Okay, so what’s the tech answer? You’re lookin’ at it. Blogging. And tweeting. Short. Personal. Interpolating images and music. Produced by one source for unlimited numbers who are scattered everywhere and pass material among themselves. Such a swarm, as Shirky points out, that dictators can’t control this stuff except by shutting down the entire systems. China has been busy trying to keep us out, but they didn’t expect their own people to breach the wall with a million piercings from cell phones. The Middle East has been trying to keep us out but under their chadors the women are carrying cell phones and iPods.

Now consider the converse. The US has assumed we would be the providers, the inventors, the instigators, the only way to go.
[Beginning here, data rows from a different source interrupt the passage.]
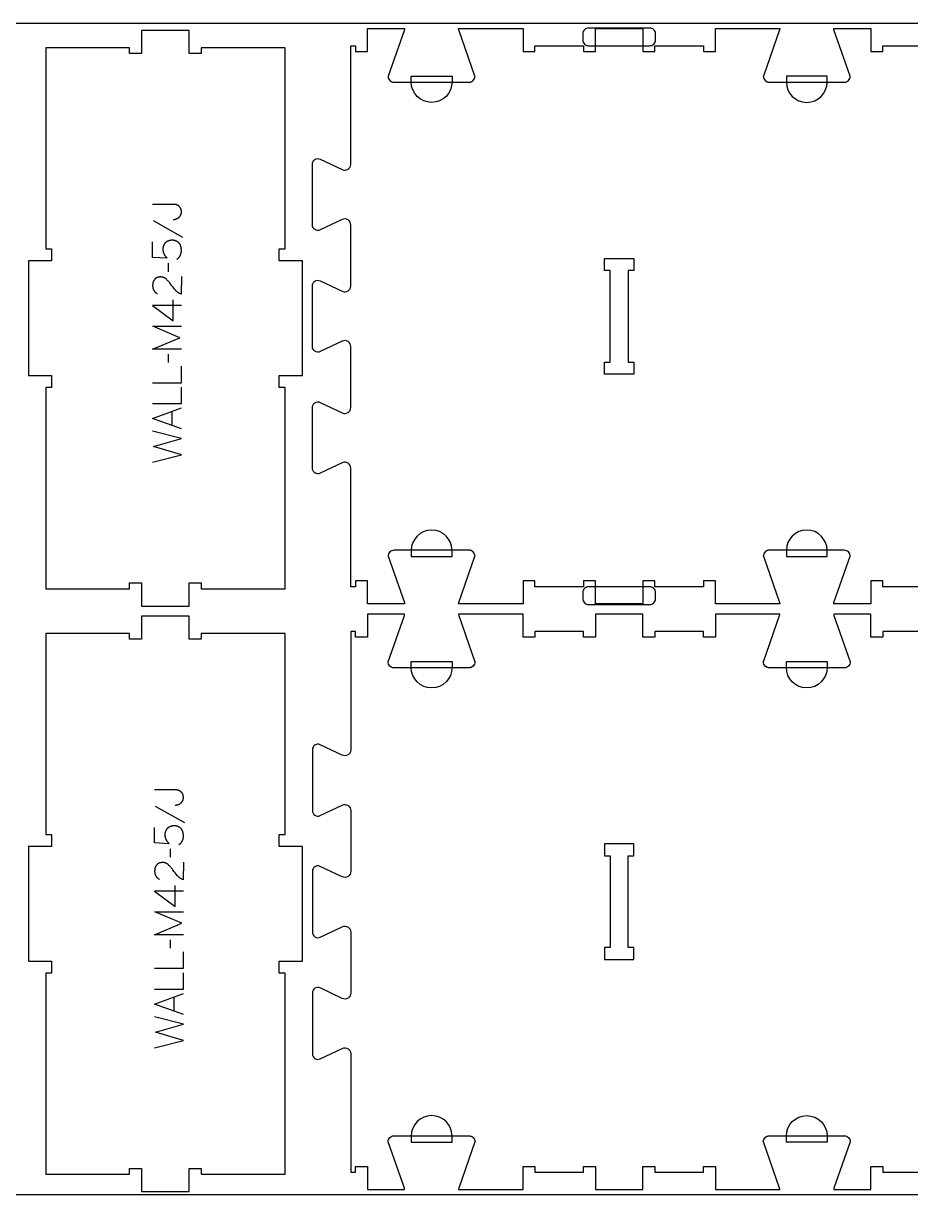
# Model space of a CAD drawing. Extents: x -7518 to -4335, y -27186 to -19593.
# Drawn here: x -6851 to -5926, y -22837 to -21617 of the extents above; entities that cross this region are included whole.
import ezdxf

# ---------------------------------------------------------------- set-up
doc = ezdxf.new("R2010")
doc.units = 0
for name, color, linetype in [('0_SHEET_SPRUCEPLY_2440X122', 1, 'CONTINUOUS'), ('1_ANYTOOL_1MMDEEP_LABELS_S', 2, 'CONTINUOUS'), ('3_ANYTOOL_CUTTHROUGH_INSID', 4, 'CONTINUOUS'), ('4_ANYTOOL_CUTTHROUGH_OUTSI', 5, 'CONTINUOUS'), ('5_ANYTOOL_HALF_MILL_9MM_IN', 3, 'CONTINUOUS')]:
    doc.layers.add(name, color=color, linetype=linetype)

msp = doc.modelspace()

# ---------------------------------------------------------------- linework, layer by layer
at = {"layer": '0_SHEET_SPRUCEPLY_2440X122'}
msp.add_lwpolyline([(-7146.3, -21616.7), (-7146.3, -22836.7), (-4706.3, -22836.7), (-4706.3, -21616.7)], close=True, dxfattribs=at)
at = {"layer": '1_ANYTOOL_1MMDEEP_LABELS_S'}
for points in [[(-6694.9, -21820.9), (-6694.7, -21820.9), (-6694.5, -21820.9), (-6694.2, -21820.9), (-6694, -21820.9), (-6693.8, -21820.9), (-6693.6, -21820.8), (-6693.4, -21820.8), (-6693.2, -21820.8), (-6693, -21820.7), (-6692.9, -21820.7), (-6692.7, -21820.7), (-6692.5, -21820.6), (-6692.3, -21820.6), (-6692.1, -21820.5), (-6691.9, -21820.4), (-6691.7, -21820.4), (-6691.5, -21820.3), (-6691.4, -21820.2), (-6691.2, -21820.1), (-6691, -21820.1), (-6690.8, -21820), (-6690.6, -21819.9), (-6690.5, -21819.8), (-6690.3, -21819.7), (-6690.1, -21819.6), (-6689.9, -21819.5), (-6689.8, -21819.3), (-6689.6, -21819.2), (-6689.4, -21819.1), (-6689.3, -21819), (-6689.1, -21818.8), (-6689, -21818.7), (-6688.8, -21818.6), (-6688.6, -21818.4), (-6688.5, -21818.3), (-6688.4, -21818.1), (-6688.2, -21818), (-6688.1, -21817.8), (-6688, -21817.7), (-6687.8, -21817.5), (-6687.7, -21817.4), (-6687.6, -21817.2), (-6687.5, -21817), (-6687.4, -21816.9), (-6687.3, -21816.7), (-6687.2, -21816.5), (-6687.1, -21816.3), (-6687, -21816.2), (-6686.9, -21816), (-6686.9, -21815.8), (-6686.8, -21815.6), (-6686.7, -21815.4), (-6686.7, -21815.2), (-6686.6, -21815), (-6686.6, -21814.8), (-6686.5, -21814.6), (-6686.5, -21814.4), (-6686.5, -21814.2), (-6686.4, -21814), (-6686.4, -21813.8), (-6686.4, -21813.6), (-6686.4, -21813.3), (-6686.4, -21813.1), (-6686.4, -21812.9), (-6686.4, -21812.7), (-6686.4, -21812.5), (-6686.4, -21812.3), (-6686.4, -21812.1), (-6686.4, -21811.9), (-6686.5, -21811.7), (-6686.5, -21811.5), (-6686.5, -21811.3), (-6686.6, -21811.1), (-6686.6, -21810.9), (-6686.7, -21810.7), (-6686.7, -21810.5), (-6686.8, -21810.3), (-6686.8, -21810.1), (-6686.9, -21810), (-6687, -21809.8), (-6687, -21809.6), (-6687.1, -21809.5), (-6687.2, -21809.3), (-6687.3, -21809.1), (-6687.4, -21809), (-6687.5, -21808.8), (-6687.6, -21808.6), (-6687.7, -21808.5), (-6687.8, -21808.3), (-6687.9, -21808.2), (-6688.1, -21808), (-6688.2, -21807.9), (-6688.3, -21807.7), (-6688.5, -21807.6), (-6688.6, -21807.5), (-6688.7, -21807.3), (-6688.9, -21807.2), (-6689, -21807.1), (-6689.2, -21806.9), (-6689.3, -21806.8), (-6689.5, -21806.7), (-6689.7, -21806.6), (-6689.8, -21806.5), (-6690, -21806.4), (-6690.1, -21806.3), (-6690.3, -21806.2), (-6690.5, -21806.1), (-6690.7, -21806), (-6690.8, -21805.9), (-6691, -21805.9), (-6691.2, -21805.8), (-6691.4, -21805.7), (-6691.5, -21805.7), (-6691.7, -21805.6), (-6691.9, -21805.5), (-6692.1, -21805.5), (-6692.3, -21805.4), (-6692.5, -21805.4), (-6692.7, -21805.4), (-6692.9, -21805.3), (-6693.1, -21805.3), (-6693.2, -21805.3), (-6693.5, -21805.2), (-6693.7, -21805.2), (-6693.9, -21805.2), (-6694.1, -21805.2), (-6694.3, -21805.2), (-6694.5, -21805.2), (-6716.4, -21805.2)], [(-6715.9, -21822), (-6685.1, -21839.2)], [(-6691.1, -21862.4), (-6690.8, -21862.2), (-6690.6, -21861.9), (-6690.3, -21861.7), (-6690, -21861.5), (-6689.8, -21861.3), (-6689.5, -21861), (-6689.3, -21860.8), (-6689.1, -21860.6), (-6688.8, -21860.3), (-6688.6, -21860.1), (-6688.4, -21859.8), (-6688.2, -21859.6), (-6688.1, -21859.3), (-6687.9, -21859), (-6687.7, -21858.7), (-6687.6, -21858.5), (-6687.4, -21858.2), (-6687.3, -21857.9), (-6687.2, -21857.6), (-6687.1, -21857.3), (-6686.9, -21857), (-6686.8, -21856.7), (-6686.8, -21856.4), (-6686.7, -21856.1), (-6686.6, -21855.8), (-6686.6, -21855.4), (-6686.5, -21855.1), (-6686.5, -21854.8), (-6686.4, -21854.4), (-6686.4, -21854.1), (-6686.4, -21853.8), (-6686.4, -21853.4), (-6686.4, -21853), (-6686.4, -21852.6), (-6686.4, -21852.2), (-6686.4, -21851.8), (-6686.5, -21851.4), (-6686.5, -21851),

But that’s over. Now we must learn from the rest of the world. And all that is left for writers is to understand how to fit into that. The beginning might be writers contacting each other, quite apart from the middle-class “festivals” and gatekeepers at foundations. It’s that thing about speaking and listening. Discussion skills. Thinking.

One no longer leaves a calling card as in Jane Austen. Now one has a web location, like www.skirky.com, or a blog like this one. Until the next invention. Since that changes all the time, concentrate on a good tight grip on what you want to say, which stays put.

1 comment:

Lance M. Foster said...

I used to walk into a library when I was in grade school and look for books no one had checked out for a long time. You used to be able to do that by pulling out the little card; you could even see who else had read that book. It sounds weird, but...I would feel guilty if no one had read that book for many years and I'd check it out. Most of the time I'd try and read at least some of it, but sometimes I'd just check it out.

I liked books as a little kid and thought I might be a writer someday. I had a couple sitting on my shelf that almost acted as talismans, making me feel good seeing them there. Keeping me company.

Later when the town had a used bookstore, I'd look at all the books there. I'd think of all the people who spent years of their lives, represented by each book, hundreds, thousands of books. And each author poured their guts and souls into books...that no one wanted anymore. Rotting books, sitting on a shelf. Like so many stacked tombstones.

I have boxes and boxes of books that are in storage, piled in my house. I cannot bear to part with them.

I think we write because of a lot of things. Thinking that's the way to leave something of us on earth after we die. To be validated by others, and seek others who think like us, at least a little, and so we don't feel as alone. Sure, making a living would be great, and getting rich even better. But that isn't realistic is it.

Maybe we just gotta write the way we live. We write, we don't know where the ripples go, if there are any at all. We live, seeking meaning however we find it, in the moment, in kids, in a good party, in how much money we make or business we build. Of course, 99 percent of the time, whatever we do disappears in our lifetime or soon after. That goes for our writing too, whether it disappears in a blog archive or a used bookstore.

But you don't just stop breathing, and you don't just stop writing, if that's how you are made.